Le Premier ministre belge réfute toute divergence de fond avec Bruxelles : « Soyons très clairs, la Belgique ne veut pas qu’un seul euro ne revienne à Moscou. La Russie doit payer pour les destructions qu’elle a causées en Ukraine », a-t-il martelé dans plusieurs langues, dont l’espagnol, à l’issue de la réunion européenne. Le bât blesse, c’est la méthode. Bart De Wever, nationaliste flamand de droite, recourt à une analogie pour illustrer son propos : « Nous devrions garder cette poule [les actifs immobilisés] et, au final, quand nous parlerons d’un traité de paix, alors nous pourrons mettre la poule sur la table », a-t-il coutume de dire. Les prêts innovants proposés, prévient-il, reviennent à « manger la poule », engageant ainsi l’Europe dans un « territoire juridique inconnu » et sans précédent face à un Moscou promettant « des conséquences pour l’éternité » si ses fonds sont touchés. « Même pendant la Seconde Guerre mondiale, les avoirs immobilisés n’ont pas été touchés », a-t-il rappelé.

Au-delà des considérations internationales, la prudence de Bart De Wever est également alimentée par des enjeux internes. Son gouvernement, issu d’une coalition précaire formée après sept mois de tractations, est fragilisé par des coupes budgétaires drastiques qu’il souhaite imposer, provoquant par ailleurs de fréquentes grèves nationales.

Bart De Wever assure ne pas être le seul à nourrir des doutes quant à la proposition européenne, même si tous ne l’expriment pas publiquement. Dès le début de l’initiative, plusieurs dirigeants ont fait part de leurs appréhensions, bien qu’il soit actuellement nécessaire de trouver une solution pour lancer ce que certains appellent un « tomahawk financier ».

« J’ai l’impression que plusieurs dirigeants sont partagés entre leur volonté de soutenir l’Ukraine et leur conscience qu’il existe de réels doutes » sur l’utilisation des avoirs russes, a souligné le dirigeant belge.

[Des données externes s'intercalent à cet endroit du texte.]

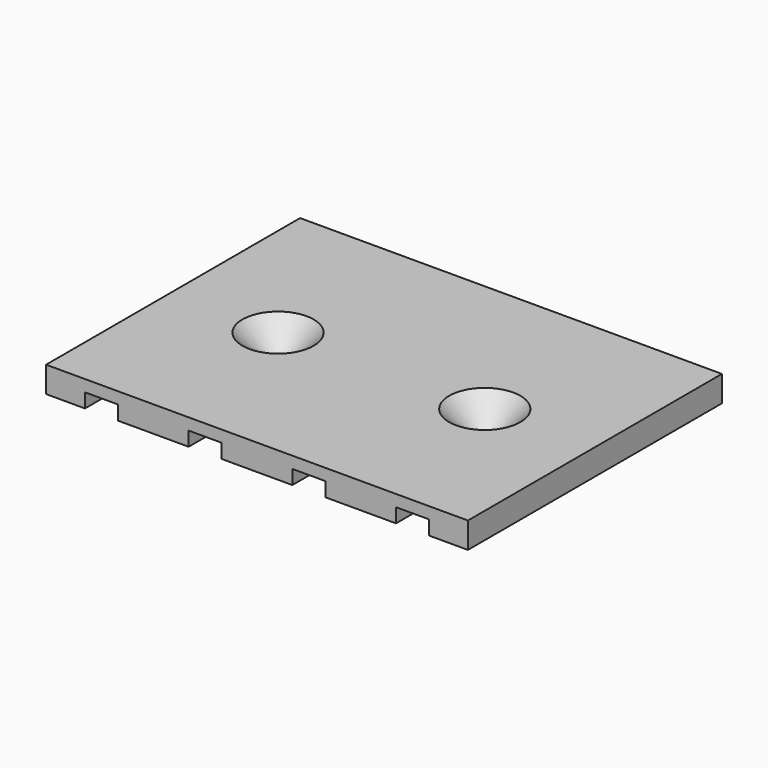
from build123d import *

# Parameters (mm, degrees)
F1_DEPTH      = 49
F2_R          = 1.5
F3_DEPTH      = 25
F3_DEPTH_BACK = 25
F4_DEPTH      = 12.4
F5_SIZE       = 3.99999


# Not quite as in the source:
# - a fillet or chamfer is up to 0.001 mm smaller than in the source, because OpenCascade refuses the exact size
# - a feature names something its author has since deleted; it is built from what else it names


with BuildPart() as f1:
    # F0 (on Front) → F1 (new body)
    with BuildSketch(Plane.XZ):
        Polygon((-16.275, 4), (-32.55, 4), (-32.55, 0), (-26.55, 0), (-26.55, 2.2), (-21.45, 2.2), (-21.45, 0), (-16.275, 0), align=None)
        Polygon((0, 4), (-16.275, 4), (-16.275, 0), (-10.55, 0), (-10.55, 2.2), (-5.45, 2.2), (-5.45, 0), (0, 0), align=None)
        Polygon((16.275, 4), (0, 4), (0, 0), (5.45, 0), (5.45, 2.2), (10.55, 2.2), (10.55, 0), (16.275, 0), align=None)
        Polygon((32.55, 4), (16.275, 4), (16.275, 0), (21.45, 0), (21.45, 2.2), (26.55, 2.2), (26.55, 0), (32.55, 0), align=None)
    extrude(amount=F1_DEPTH)

    # F2 (on Top) → F3 (cut, two sides)
    with BuildSketch(Plane.XY) as f3_sk:
        with Locations((-15.95, -25)):
            Circle(F2_R)
    extrude(amount=-F3_DEPTH, mode=Mode.SUBTRACT)
    extrude(f3_sk.sketch, amount=F3_DEPTH_BACK, mode=Mode.SUBTRACT)

    # F2 (on Top) → F4 (cut)
    with BuildSketch(Plane.XY):
        with Locations((-15.95, -25)):
            Circle(F2_R)
        with Locations((15.95, -25)):
            Circle(F2_R)
    extrude(amount=F4_DEPTH, mode=Mode.SUBTRACT)

    # F5 (size 4 in the source; OpenCascade refuses exactly that, so slightly less here)
    f5_edges = [f1.edges().sort_by_distance(p)[0] for p in [
        (14.45, -25, 4),
        (-17.45, -25, 4),
    ]]
    chamfer(f5_edges, length=F5_SIZE)


solid = f1.part
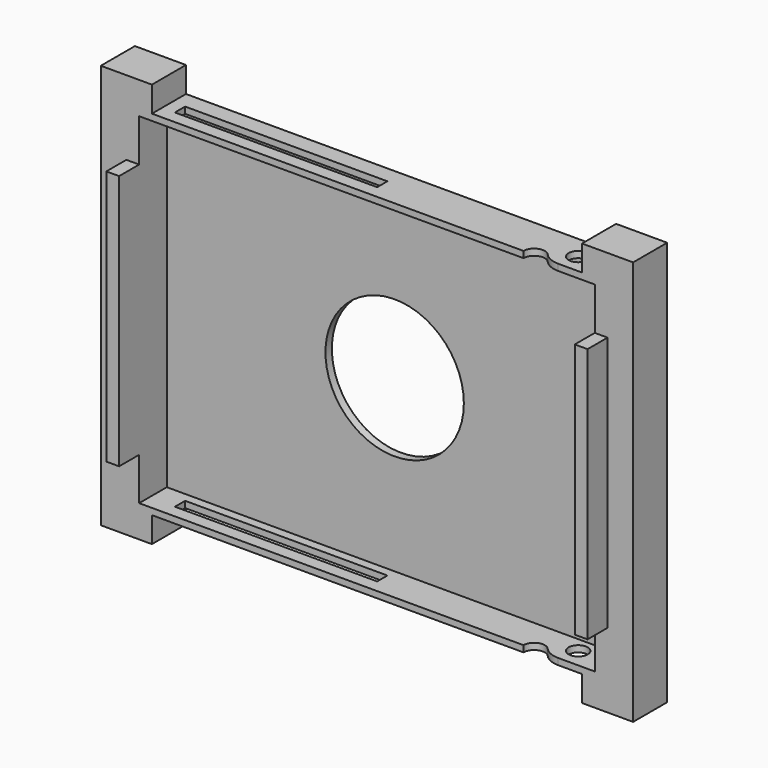
from build123d import *

# Parameters (mm, degrees)
F0_R      = 16.25
F1_DEPTH  = 15.875
F2_W      = 139.2096877098
F2_H      = 115.5483946204
F2_W_2    = 113
F2_H_2    = 80
F3_DEPTH  = 5.875
F4_W      = 107
F4_H      = 80
F5_DEPTH  = 14
F6_W      = 120.5911301091
F6_H      = 13.1527084535
F6_W_2    = 121.3300417974
F6_H_2    = 15.8128053223
F7_DEPTH  = 5.875
F8_R      = 1.5
F8_W      = 89
F8_H      = 3
F9_DEPTH  = 100
F10_W     = 42.4407012761
F10_H     = 10
F11_DEPTH = 1.5
F12_W     = 42.5221920013
F12_H     = 10
F13_DEPTH = 1.5
F14_R     = 2.5
F15_DEPTH = 95.5
F16_R     = 2.25
F17_DEPTH = 200
F18_R     = 5


with BuildPart() as f1:
    # F0 (on Front) → F1 (new body)
    with BuildSketch(Plane.XZ):
        Polygon((-50.5, 47.5), (-62.5, 47.5), (-62.5, -47.5), (-50.5, -47.5), (-50.5, -41.5), (50.5, -41.5), (50.5, -47.5), (62.5, -47.5), (62.5, 47.5), (50.5, 47.5), (50.5, 41.5), (-50.5, 41.5), align=None)
        Circle(F0_R, mode=Mode.SUBTRACT)
    extrude(amount=F1_DEPTH)

    # F2 (on face) → F3 (cut)
    with BuildSketch(Plane.XZ.offset(15.875)):
        Rectangle(F2_W, F2_H)
        Rectangle(F2_W_2, F2_H_2, mode=Mode.SUBTRACT)
    extrude(amount=-F3_DEPTH, mode=Mode.SUBTRACT)

    # F4 (on face) → F5 (cut)
    with BuildSketch(Plane.XZ.offset(15.875)):
        Rectangle(F4_W, F4_H)
    extrude(amount=-F5_DEPTH, mode=Mode.SUBTRACT)

    # F6 (on face) → F7 (cut)
    with BuildSketch(Plane.XZ.offset(15.875)):
        with Locations((0.0607829645, 36.5763542267)):
            Rectangle(F6_W, F6_H)
        with Locations((1.0213727103, -37.9064026611)):
            Rectangle(F6_W_2, F6_H_2)
    extrude(amount=-F7_DEPTH, mode=Mode.SUBTRACT)

    # F8 (on face) → F9 (cut)
    with BuildSketch(Plane.XY.offset(41.5)):
        with Locations((46, -5.5)):
            Circle(F8_R)
        with Locations((-3, -5.5)):
            Rectangle(F8_W, F8_H)
    extrude(amount=-F9_DEPTH, mode=Mode.SUBTRACT)

    # F10 (on face) → F11 (join)
    with BuildSketch(Plane.XY.offset(41.5)):
        with Locations((21.220350638, -5)):
            Rectangle(F10_W, F10_H)
    extrude(amount=-F11_DEPTH)

    # F12 (on face) → F13 (join)
    with BuildSketch(Plane(origin=(0, 0, -41.5), x_dir=(1, 0, 0), z_dir=(0, 0, -1))):
        with Locations((21.2610960007, 5)):
            Rectangle(F12_W, F12_H)
    extrude(amount=-F13_DEPTH)

    # F14 (on face) → F15 (cut)
    with BuildSketch(Plane(origin=(0, 0, -41.5), x_dir=(1, 0, 0), z_dir=(0, 0, -1))):
        with Locations((39.25, 10)):
            Circle(F14_R)
    extrude(amount=-F15_DEPTH, mode=Mode.SUBTRACT)

    # F16 (on face) → F17 (cut)
    with BuildSketch(Plane.XY.offset(41.5)):
        with Locations((46, -5.5)):
            Circle(F16_R)
    extrude(amount=-F17_DEPTH, mode=Mode.SUBTRACT)

    # F18
    f18_edges = [f1.edges().sort_by_distance(p)[0] for p in [
        (41.75, -10, -40.75),
        (41.75, -10, 40.75),
    ]]
    fillet(f18_edges, radius=F18_R)


solid = f1.part
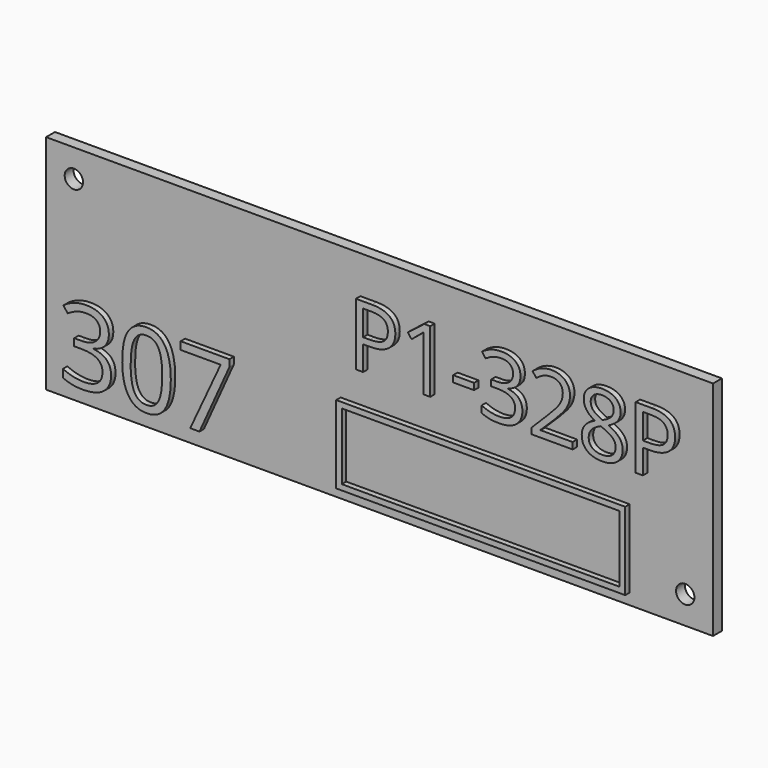
from build123d import *

# Parameters (mm, degrees)
F0_W         = 120
F0_H         = 40
F1_DEPTH     = 2
F3_D         = 3.3
F4_TEXT_SIZE = 15.681149951
F5_DEPTH     = 1
F6_TEXT_SIZE = 18.5054667028
F7_DEPTH     = 1
F8_W         = 52
F8_H         = 14
F8_W_2       = 49.99999962
F8_H_2       = 11.99999962
F9_DEPTH     = 1


# Not quite as in the source:
# - Text() gives the source's letters only with a copy of the font that has no kerning and outlines rounded to 1/6400 em; it was checked with that copy


with BuildPart() as f1:
    # F0 (on Front) → F1 (new body)
    with BuildSketch(Plane.XZ):
        Rectangle(F0_W, F0_H)
    extrude(amount=F1_DEPTH)

    # F3 (through all)
    with Locations(Plane.XZ.offset(2)):
        with Locations((-55, 15), (55, -15)):
            Hole(F3_D / 2)

    # F4 (on face) → F5 (join)
    with BuildSketch(Plane.XZ.offset(2)):
        with Locations((-5, 2)):
            Text('P1-328P', F4_TEXT_SIZE, font='Open Sans', text_align=(TextAlign.LEFT, TextAlign.BOTTOM))
    extrude(amount=F5_DEPTH)

    # F6 (on face) → F7 (join)
    with BuildSketch(Plane.XZ.offset(2)):
        with Locations((-57, -17)):
            Text('307', F6_TEXT_SIZE, font='Open Sans', text_align=(TextAlign.LEFT, TextAlign.BOTTOM))
    extrude(amount=F7_DEPTH)

    # F8 (on face) → F9 (join)
    with BuildSketch(Plane.XZ.offset(2)):
        with Locations((19, -11)):
            Rectangle(F8_W, F8_H)
        with Locations((19, -11)):
            Rectangle(F8_W_2, F8_H_2, mode=Mode.SUBTRACT)
    extrude(amount=F9_DEPTH)


solid = f1.part
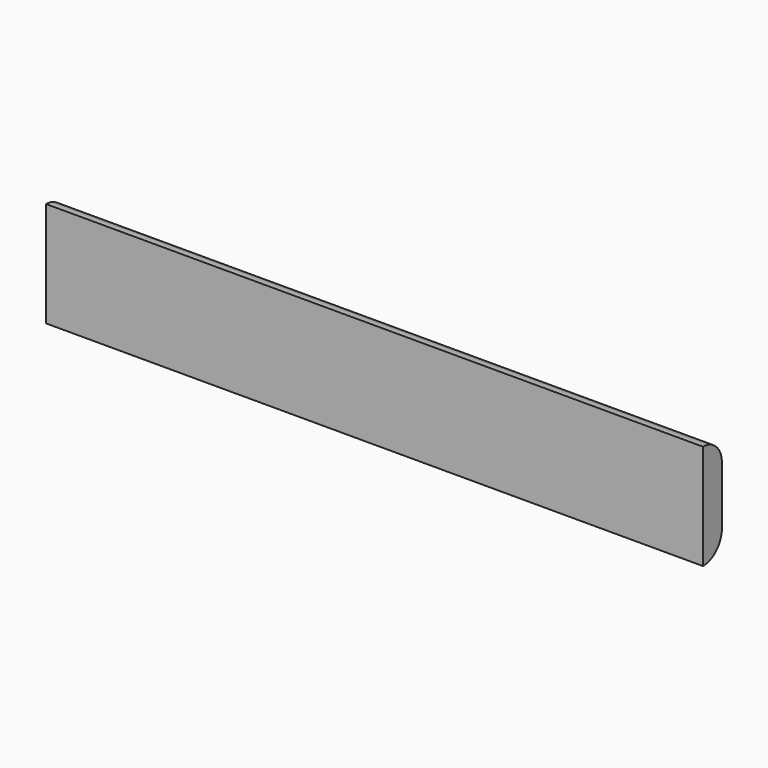
from build123d import *

# Parameters (mm, degrees)
F0_W     = 500
F0_H     = 80
F1_DEPTH = 18
F2_R     = 17.99999


# Not quite as in the source:
# - a fillet or chamfer is up to 0.001 mm smaller than in the source, because OpenCascade refuses the exact size


with BuildPart() as f1:
    # F0 (on Front) → F1 (new body)
    with BuildSketch(Plane.XZ):
        with Locations((48.9213317633, -38.1839564443)):
            Rectangle(F0_W, F0_H)
    extrude(amount=F1_DEPTH)

    # F2 (radius 18 in the source; OpenCascade refuses exactly that, so slightly less here)
    f2_edges = [f1.edges().sort_by_distance(p)[0] for p in [
        (48.921332, 0, -78.183956),
        (48.921332, 0, 1.816044),
    ]]
    fillet(f2_edges, radius=F2_R)


solid = f1.part
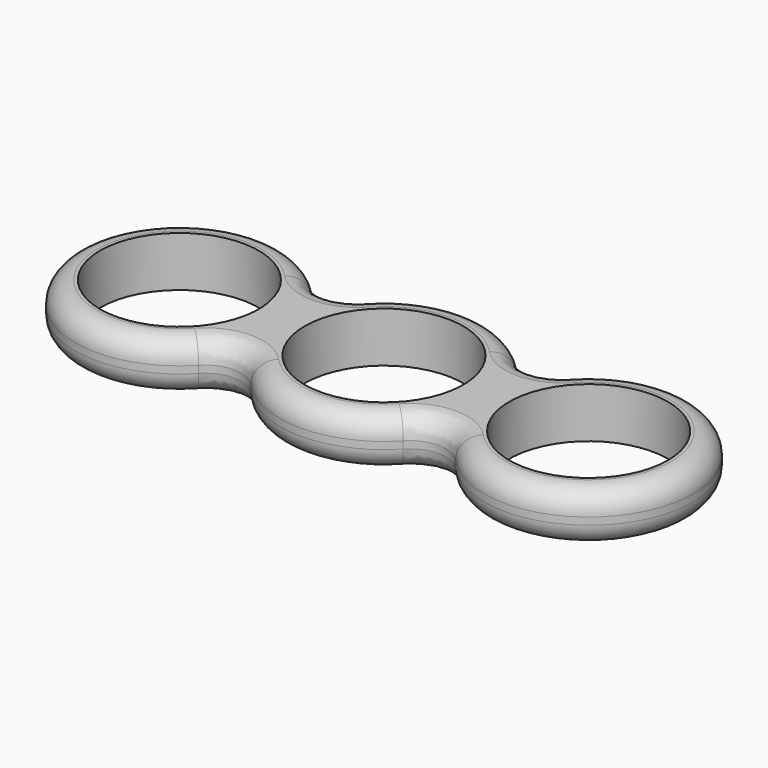
from build123d import *

# Parameters (mm, degrees)
F0_R     = 11.05
F1_DEPTH = 7
F2_R     = 5
F3_R     = 3


# Not quite as in the source:
# - a pattern or mirror of a feature is missing from the dataset's text; its kind, count and spacing are read off the source's solid
# - a feature names something its author has since deleted; it is built from what else it names


with BuildPart() as f1:
    # F0 (on Top) → F1 (new body)
    with BuildSketch(Plane.XY):
        with BuildLine():
            ThreePointArc((14.25, 2.6809513237), (14.437364718, 1.3462912018), (14.5, 0))
            ThreePointArc((14.5, 0), (14.437364718, -1.3462912018), (14.25, -2.6809513237))
            ThreePointArc((14.25, -2.6809513237), (29.8462912018, -14.437364718), (43, 0))
            ThreePointArc((43, 0), (29.8462912018, 14.437364718), (14.25, 2.6809513237))
        make_face()
        with Locations((28.5, 0)):
            Circle(F0_R, mode=Mode.SUBTRACT)
        with BuildLine():
            ThreePointArc((14.25, -2.6809513237), (14.437364718, -1.3462912018), (14.5, 0))
            ThreePointArc((14.5, 0), (14.437364718, 1.3462912018), (14.25, 2.6809513237))
            ThreePointArc((14.25, 2.6809513237), (14, 0), (14.25, -2.6809513237))
        make_face()
    extrude(amount=F1_DEPTH)


with BuildPart() as f1b:
    # F0 (on Top) → F1, piece 2 (new body)
    with BuildSketch(Plane.XY):
        with BuildLine():
            ThreePointArc((-14, 0), (-14.062635282, 1.3462912018), (-14.25, 2.6809513237))
            ThreePointArc((-14.25, 2.6809513237), (-14.5, 0), (-14.25, -2.6809513237))
            ThreePointArc((-14.25, -2.6809513237), (-14.062635282, -1.3462912018), (-14, 0))
        make_face()
    extrude(amount=F1_DEPTH)

    # F1_copies: F1 across plane
    add(f1.part.mirror(Plane(origin=(0, 0, 0), x_dir=(0, 0, -1), z_dir=(-1, 0, 0))))


with BuildPart() as f1_1:
    add(f1.part)

    add(f1b.part)  # F1_copies1 merges F1b
    # F1_copies1: F1 across plane
    add(f1.part.mirror(Plane(origin=(14.25, 0, 0), x_dir=(0, 0, -1), z_dir=(-1, 0, 0))))

    # F2
    f2_edges = [f1_1.edges().sort_by_distance(p)[0] for p in [
        (-14.25, -2.680951, 3.5),
        (14.25, -2.680951, 3.5),
        (14.25, 2.680951, 3.5),
        (-14.25, 2.680951, 3.5),
    ]]
    fillet(f2_edges, radius=F2_R)

    # F3
    f3_edges = [f1_1.edges().sort_by_distance(p)[0] for p in [
        (43, 0, 7),
        (43, 0, 0),
        (-43, 0, 0),
        (-43, 0, 7),
        (-14.25, 8.31118, 0),
        (-14.25, -8.31118, 0),
        (0, 14.5, 0),
        (0, -14.5, 0),
        (14.25, 8.31118, 0),
        (14.25, -8.31118, 0),
        (-14.25, 8.31118, 7),
        (-14.25, -8.31118, 7),
        (0, -14.5, 7),
        (0, 14.5, 7),
        (14.25, -8.31118, 7),
        (14.25, 8.31118, 7),
    ]]
    fillet(f3_edges, radius=F3_R)


solid = f1_1.part

« Cette solution soulève des questions juridiques et des questions liées au partage des risques », a également constaté le président français Emmanuel Macron. « Les clarifications techniques ne nous ont pas permis d’achever ce dossier aujourd’hui », a-t-il reconnu à l’issue du sommet, tout en affirmant que la volonté de poursuivre la démarche était « très clairement réaffirmée ». « Le mandat a été confié à la Commission afin que nous puissions parvenir à un accord définitif en décembre », a-t-il précisé.

Les dirigeants ont chargé la Commission européenne de cartographier « dès que possible » les besoins financiers de l’Ukraine et de définir des « options de soutien financier ». Après le sommet, Ursula von der Leyen a réaffirmé que le gel des avoirs restait l’option privilégiée. « La question est de savoir comment exactement nous pouvons utiliser ces actifs », a-t-elle admis.